■ **ABOUT THIS TASK**
Retype only what runs from the line that contains "[Param_FL_x] -> Minus7/1" through the last line of the listing below, both lines included.

■ **EXCERPTED RECORDS**
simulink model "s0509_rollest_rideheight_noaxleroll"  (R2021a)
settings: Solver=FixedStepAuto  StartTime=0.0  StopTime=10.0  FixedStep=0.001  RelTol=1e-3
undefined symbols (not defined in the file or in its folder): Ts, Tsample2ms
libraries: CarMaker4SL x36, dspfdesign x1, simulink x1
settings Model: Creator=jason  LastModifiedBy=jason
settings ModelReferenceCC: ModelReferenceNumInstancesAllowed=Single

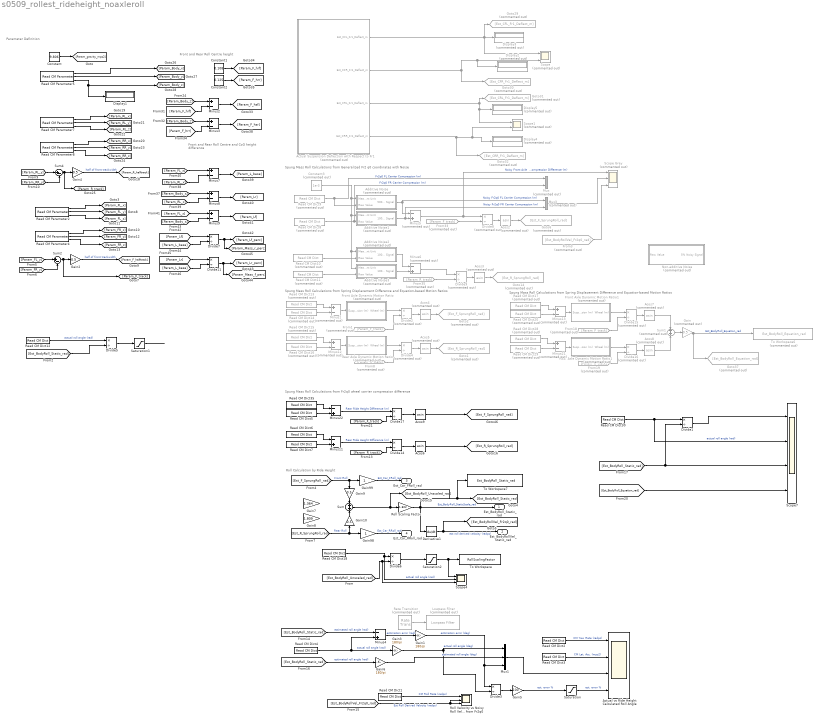
== system s0509_rollest_rideheight_noaxleroll ==
  note: Front and Rear Roll Centre height
  note: Roll Calculation by Ride Height
  note: Parameter Definition
  note: Spung Mass Roll Calculations from Generalized Fr2 q0 coordinates with Noise
  note: Front and Rear Roll Centre and CoG height difference
  note: Spung Mass Roll Calculations from Spring Displacement Difference and Equation-based Motion Ratios
  note: Spung Mass Roll Calculations from Fr2q0 wheel carrier compression difference
  note: Spung Mass Roll Calculations from Spring Displacement Difference and Equation-based Motion Ratios
  Acos{2..5,7..8} (6 alike) : Trigonometry  Commented=on  Operator=asin
  Acos6 : Trigonometry  Operator=asin
  Acos9 : Trigonometry  Operator=asin
  Actual Suspension Deflection with Respect to Fr1 : Subsystem  Commented=on
  Actual vs Ride Height Calculated Roll Angle : Scope  NumInputPorts=4
  Additive Noise : Subsystem  Commented=on
  Additive Noise1 : Subsystem  Commented=on
  Additive Noise2 : Subsystem  Commented=on
  Additive Noise3 : Subsystem  Commented=on
  Constant : Constant  Value=9.806
  Constant1 : Constant  Value=0.108
  Constant2 : Constant  Value=0.125
  Constant3 : Constant  Commented=on  Value=1e-3
  Derivative1 : Derivative
  Display1 : Display
  Display{2..5} (4 alike) : Display  Commented=on
  Divide{1,3,5..7,11,14,17} (8 alike) : Product  Inputs=*/
  Divide{2,4,8..9,15..16} (6 alike) : Product  Commented=on  Inputs=*/
  From1 : From  Commented=on  GotoTag=Param_F_track
  From18 : From  Commented=on  GotoTag=Param_F_track
  From19 : From  Commented=on  GotoTag=Param_R_track
  From3 : From  Commented=on  GotoTag=Est_BodyRollVel_Fr2q0_rad
  From33 : From  Commented=on  GotoTag=Param_F_track
  From35 : From  Commented=on  GotoTag=Param_R_track
  From8 : From  Commented=on  GotoTag=Param_R_track
  Front Axle Dynamic Motion Ratio : Subsystem  Commented=on
  Front Axle Dynamic Motion Ratio1 : Subsystem  Commented=on
  Gain : Gain  Commented=on  Gain=0.5
  Gain1 : Gain  Gain=180/pi
      settings: AttributesFormatString=Gain = %<Gain>
  Gain{2,4,9..10} (4 alike) : Gain  Gain=0.5
  Gain3 : Gain  Gain=180/pi
      settings: AttributesFormatString=Gain = %<Gain>
  Gain5 : Gain  Gain=100
  Gain6 : Gain  Gain=180/pi
      settings: AttributesFormatString=Gain = %<Gain>
  Gain7 : Gain  Gain=1.364
  Gain8 : Gain  Gain=1.809
  Gain98 : Gain
  Gain99 : Gain
  Goto1 : Goto  Commented=on  GotoTag=Est_R_SprungRoll_rad
  Goto14 : Goto  Commented=on  GotoTag=Est_R_SprungRoll_rad
  Goto2 : Goto  Commented=on  GotoTag=Est_F_SprungRoll_rad
  Goto29 : Goto  Commented=on  GotoTag=Est_CFL_Fr1_Deflect_m
  Goto30 : Goto  Commented=on  GotoTag=Est_CFR_Fr1_Deflect_m
  Goto31 : Goto  Commented=on  GotoTag=Est_CRL_Fr1_Deflect_m
  Goto32 : Goto  Commented=on  GotoTag=Est_CRR_Fr1_Deflect_m
  Goto37 : Goto  Commented=on  GotoTag=Est_BodyRoll_Equation_rad
  Goto6 : Goto  Commented=on  GotoTag=Est_F_SprungRoll_rad
  Lowpass Filter : dspfdesign/Lowpass Filter  Commented=on  FilterType=FIR  DesignForMinimumOrder=on  FilterOrder=50  PassbandFrequency=1  StopbandFrequency=2000  PassbandRipple=0.1  StopbandAttenuation=180  InheritSampleRate=off  SampleRate=44100  SimulateUsing=Interpreted execution  roundingMode=Floor  coeffsDataTypeStr=fixdt(1,16)
  Minus{1,12..13,21} (4 alike) : Sum  Commented=on  Inputs=+-
  Minus11 : Sum  Inputs=-+
  Minus{2..3,7..9} (5 alike) : Sum  Inputs=+-
  Minus22 : Sum  Inputs=-+
  Minus4 : Sum  Inputs=-+
  Minus5 : Sum  Commented=on  Inputs=-+
  Minus6 : Sum  Commented=on  Inputs=-+
  Mux : Mux  Commented=on  Inputs=2
  Mux1 : Mux  Inputs=3
  Mux3 : Mux  Commented=on  Inputs=2
  Non-additive Noise : Subsystem  Commented=on
  Rate Transition : RateTransition  Commented=on
  Read CM Dict1 : CarMaker4SL/Read CM Dict  xname=Car.RollVel  xsync=off  xstime=Continuous
  Read CM Dict10 : CarMaker4SL/Read CM Dict  Commented=on  xname=Car.CRL.q0  xsync=off  xstime=Continuous
  Read CM Dict11 : CarMaker4SL/Read CM Dict  Commented=on  xname=Car.CRR.q0  xsync=off  xstime=Continuous
  Read CM Dict{4,12,18,30} (4 alike) : CarMaker4SL/Read CM Dict  xname=Car.Roll  xsync=off  xstime=Continuous
  Read CM Dict13 : CarMaker4SL/Read CM Dict  Commented=on  xname=Car.SpringFL.l  xsync=off  xstime=Continuous
  Read CM Dict14 : CarMaker4SL/Read CM Dict  Commented=on  xname=Car.SpringFR.l  xsync=off  xstime=Continuous
  Read CM Dict15 : CarMaker4SL/Read CM Dict  Commented=on  xname=Car.SpringRL.l  xsync=off  xstime=Continuous
  Read CM Dict16 : CarMaker4SL/Read CM Dict  Commented=on  xname=Car.SpringRR.l  xsync=off  xstime=Continuous
  Read CM Dict17 : CarMaker4SL/Read CM Dict  Commented=on  xname=Car.SpringFL.l  xsync=off  xstime=Continuous
  Read CM Dict2 : CarMaker4SL/Read CM Dict  xname=Car.YawRate  xsync=off  xstime=Continuous
  Read CM Dict20 : CarMaker4SL/Read CM Dict  Commented=on  xname=Car.SpringFR.l  xsync=off  xstime=Continuous
  Read CM Dict28 : CarMaker4SL/Read CM Dict  Commented=on  xname=Car.SpringRL.l  xsync=off  xstime=Continuous
  Read CM Dict29 : CarMaker4SL/Read CM Dict  Commented=on  xname=Car.SpringRR.l  xsync=off  xstime=Continuous
  Read CM Dict3 : CarMaker4SL/Read CM Dict  xname=Car.ay  xsync=off  xstime=Continuous
  Read CM Dict35 : CarMaker4SL/Read CM Dict  xname=Car.CFL.q0  xsync=off  xstime=Continuous
  Read CM Dict5 : CarMaker4SL/Read CM Dict  xname=Car.CFR.q0  xsync=off  xstime=Continuous
  Read CM Dict6 : CarMaker4SL/Read CM Dict  xname=Car.CRL.q0  xsync=off  xstime=Continuous
  Read CM Dict7 : CarMaker4SL/Read CM Dict  xname=Car.CRR.q0  xsync=off  xstime=Continuous
  Read CM Dict8 : CarMaker4SL/Read CM Dict  Commented=on  xname=Car.CFR.q0  xsync=off  xstime=Continuous
  Read CM Dict9 : CarMaker4SL/Read CM Dict  Commented=on  xname=Car.CFL.q0  xsync=off  xstime=Continuous
  Read CM Parameter2 : CarMaker4SL/Read CM Parameter  xfile=Vehicle  xkey=WheelCarrier.fl.pos  xnout=3  xdefaults=eps  xmuxed=off  xstime=Continuous
      settings: SourceProductName=CarMaker4SL
  Read CM Parameter4 : CarMaker4SL/Read CM Parameter  xfile=Vehicle  xkey=WheelCarrier.fr.pos  xnout=3  xdefaults=eps  xmuxed=off  xstime=Continuous
      settings: SourceProductName=CarMaker4SL
  Read CM Parameter5 : CarMaker4SL/Read CM Parameter  xfile=Vehicle  xkey=Body.pos  xnout=3  xdefaults=eps  xmuxed=off  xstime=Continuous
      settings: SourceProductName=CarMaker4SL
  Read CM Parameter7 : CarMaker4SL/Read CM Parameter  xfile=Vehicle  xkey=WheelCarrier.rl.pos  xnout=3  xdefaults=eps  xmuxed=off  xstime=Continuous
      settings: SourceProductName=CarMaker4SL
  Read CM Parameter8 : CarMaker4SL/Read CM Parameter  xfile=Vehicle  xkey=WheelCarrier.rr.pos  xnout=3  xdefaults=eps  xmuxed=off  xstime=Continuous
      settings: SourceProductName=CarMaker4SL
  Rear Axle Dynamic Motion Ratio : Subsystem  Commented=on
  Rear Axle Dynamic Motion Ratio1 : Subsystem  Commented=on
  Roll Scaling Factor : Gain  Gain=1.822
  Roll Velocity vs Noisy Roll Velocity from Fr2q0 : Scope  NumInputPorts=3
  Saturation : Saturate  UpperLimit=100  LowerLimit=-100
  Saturation1 : Saturate  UpperLimit=3.6  LowerLimit=1.25
  Saturation2 : Saturate  UpperLimit=3.6  LowerLimit=1.25
  Scope : Scope  Commented=on  NumInputPorts=3
  Scope Grey : Scope  Commented=on  NumInputPorts=3
  Scope1 : Scope  Commented=on  NumInputPorts=2
  Scope4 : Scope  NumInputPorts=3
  Scope7 : Scope  NumInputPorts=4
  Sum : Sum  Inputs=+|+
  Sum1 : Sum  Commented=on  Inputs=+|+
  Sum2 : Sum  Inputs=|+-
  Sum4 : Sum  Inputs=|+-
  To Workspace : ToWorkspace  VariableName=RollScalingFactor  SampleTime=-1
  To Workspace6 : ToWorkspace  Commented=on  VariableName=Est_BodyRoll_Equation_rad  SampleTime=-1
  To Workspace7 : ToWorkspace  VariableName=Est_BodyRoll_Static_rad  SampleTime=-1
  Est_BodyRoll_Static_rad : Outport
  Est_BodyRollVel_Static_rad : Outport  Port=2
  Est_Car_FRoll_rad : Outport  Port=3
  Est_Car_RRoll_rad : Outport  Port=4
  wires:
  From33/1 -> Divide8/2
  [Param_RR_y] -> Sum4/2
  Minus5/1 -> Scope Grey/1, Divide8/1  "Noisy Front Axle  Fr2q0 Carrier Compression Difference (m)"
  Acos2/1 -> Goto6/1
  Acos3/1 -> Goto14/1
  Read CM Parameter4/2 -> [Param_FR_y]
  Sum/1 -> Roll Scaling Factor/1, [Est_BodyRoll_Unscaled_rad]
  Divide9/1 -> Acos3/1
  Minus6/1 -> Divide9/1
  Actual Suspension Deflection with Respect to Fr1/1(Est_CFL_Fr1_Deflect_m) -> Goto29/1, Scope/1, Display3/1
  Divide8/1 -> Acos2/1
  Read CM Dict10/1 -> Additive Noise2/2(Raw Value)
  Read CM Dict9/1 -> Mux/1, Additive Noise/2(Raw Value)  "Fr2q0 FL Carrier Compression (m)"
  Read CM Dict8/1 -> Mux/2, Additive Noise1/2(Raw Value)  "Fr2q0 FR Carrier Compression (m)"
  Derivative1/1 -> [Est_BodyRollVel_Fr2q0_rad], Est_BodyRollVel_Static_rad/1  "est roll derived velocity (radps)"
  From35/1 -> Divide9/2
  Read CM Dict11/1 -> Additive Noise3/2(Raw Value)
  Read CM Parameter8/1 -> [Param_RR_x]
  Actual Suspension Deflection with Respect to Fr1/4(Est_CRR_Fr1_Deflect_m) -> Goto32/1, Display4/1, Scope1/2
  Read CM Parameter2/3 -> [Param_FL_z]
  Gain2/1 -> [Param_F_halftrack]  "half of front trackwidth"
  Read CM Parameter2/1 -> [Param_FL_x]
  [Est_F_SprungRoll_rad] -> Gain99/1, Gain9/1  "Front Roll"
  [Param_FL_y] -> Sum2/1
  Constant/1 -> [Param_gravity_mps2]
  Sum4/1 -> Gain4/1, [Param_R_track]
  Sum2/1 -> Gain2/1, [Param_F_track]
  Actual Suspension Deflection with Respect to Fr1/2(Est_CFR_Fr1_Deflect_m) -> Display2/1, Scope/3, Goto30/1
  Read CM Parameter5/2 -> [Param_Body_y]
  Read CM Parameter5/1 -> [Param_Body_x]
  [Param_RL_y] -> Sum4/1
  Read CM Parameter2/2 -> [Param_FL_y]
  Read CM Parameter5/3 -> Display1/1, [Param_Body_z]
  Gain4/1 -> [Param_R_halftrack]  "half of front trackwidth"
  [Param_FR_y] -> Sum2/2
  Read CM Parameter8/2 -> [Param_RR_y]
  Read CM Parameter4/3 -> [Param_FR_z]
  Read CM Parameter4/1 -> [Param_FR_x]
  Read CM Parameter7/1 -> [Param_RL_x]
  Actual Suspension Deflection with Respect to Fr1/3(Est_CRL_Fr1_Deflect_m) -> Goto31/1, Scope1/1, Display5/1
  Read CM Parameter8/3 -> [Param_RR_z]
  Read CM Parameter7/3 -> [Param_RL_z]
  Read CM Parameter7/2 -> [Param_RL_y]
  Constant1/1 -> [Param_F_hrf]
  Constant2/1 -> [Param_F_hrr]
  [Param_F_hrf] -> Minus2/2
  [Param_Body_z] -> Minus2/1
  Minus2/1 -> [Param_F_hsf]
  Minus3/1 -> [Param_F_hsr]
  [Param_Body_z] -> Minus3/1
  [Param_F_hrr] -> Minus3/2
  [Param_Body_x] -> Minus8/1
  [Param_RL_x] -> Minus7/2
  [Param_FL_x] -> Minus7/1
  Minus7/1 -> [Param_L_base]
  [Param_RL_x] -> Minus8/2
  Minus8/1 -> [Param_Lr]
  [Param_FL_x] -> Minus9/1
  [Param_Body_x] -> Minus9/2
  Minus9/1 -> [Param_Lf]
  [Param_Lf] -> Divide7/1
  [Param_L_base] -> Divide7/2
  Divide7/1 -> [Param_Mass_r_perc], [Param_Lf_perc]
  Divide11/1 -> [Param_Mass_f_perc], [Param_Lr_perc]
  [Param_L_base] -> Divide11/2
  [Param_Lr] -> Divide11/1
  Additive Noise/1(500% of Unit Noisy Signal) -> Mux3/1, Minus5/1  "Noisy Fr2q0 FL Carrier Compression (m)"
  Constant3/1 -> Additive Noise/1(Measurement Unit), Additive Noise1/1(Measurement Unit), Additive Noise3/1(Measurement Unit), Additive Noise2/1(Measurement Unit)
  Additive Noise1/1(100% of Unit Noisy Signal) -> Mux3/2, Minus5/2  "Noisy Fr2q0 FR Carrier Compression (m)"
  Additive Noise2/1(100% of Unit Noisy Signal) -> Minus6/1
  Additive Noise3/1(100% of Unit Noisy Signal) -> Minus6/2
  Acos5/1 -> Goto1/1
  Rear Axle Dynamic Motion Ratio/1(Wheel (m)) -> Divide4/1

■ **YOUR SOLUTION**
  [Param_FL_x] -> Minus7/1
  Minus7/1 -> [Param_L_base]
  [Param_RL_x] -> Minus8/2
  Minus8/1 -> [Param_Lr]
  [Param_FL_x] -> Minus9/1
  [Param_Body_x] -> Minus9/2
  Minus9/1 -> [Param_Lf]
  [Param_Lf] -> Divide7/1
  [Param_L_base] -> Divide7/2
  Divide7/1 -> [Param_Mass_r_perc], [Param_Lf_perc]
  Divide11/1 -> [Param_Mass_f_perc], [Param_Lr_perc]
  [Param_L_base] -> Divide11/2
  [Param_Lr] -> Divide11/1
  Additive Noise/1(500% of Unit Noisy Signal) -> Mux3/1, Minus5/1  "Noisy Fr2q0 FL Carrier Compression (m)"
  Constant3/1 -> Additive Noise/1(Measurement Unit), Additive Noise1/1(Measurement Unit), Additive Noise3/1(Measurement Unit), Additive Noise2/1(Measurement Unit)
  Additive Noise1/1(100% of Unit Noisy Signal) -> Mux3/2, Minus5/2  "Noisy Fr2q0 FR Carrier Compression (m)"
  Additive Noise2/1(100% of Unit Noisy Signal) -> Minus6/1
  Additive Noise3/1(100% of Unit Noisy Signal) -> Minus6/2
  Acos5/1 -> Goto1/1
  Rear Axle Dynamic Motion Ratio/1(Wheel (m)) -> Divide4/1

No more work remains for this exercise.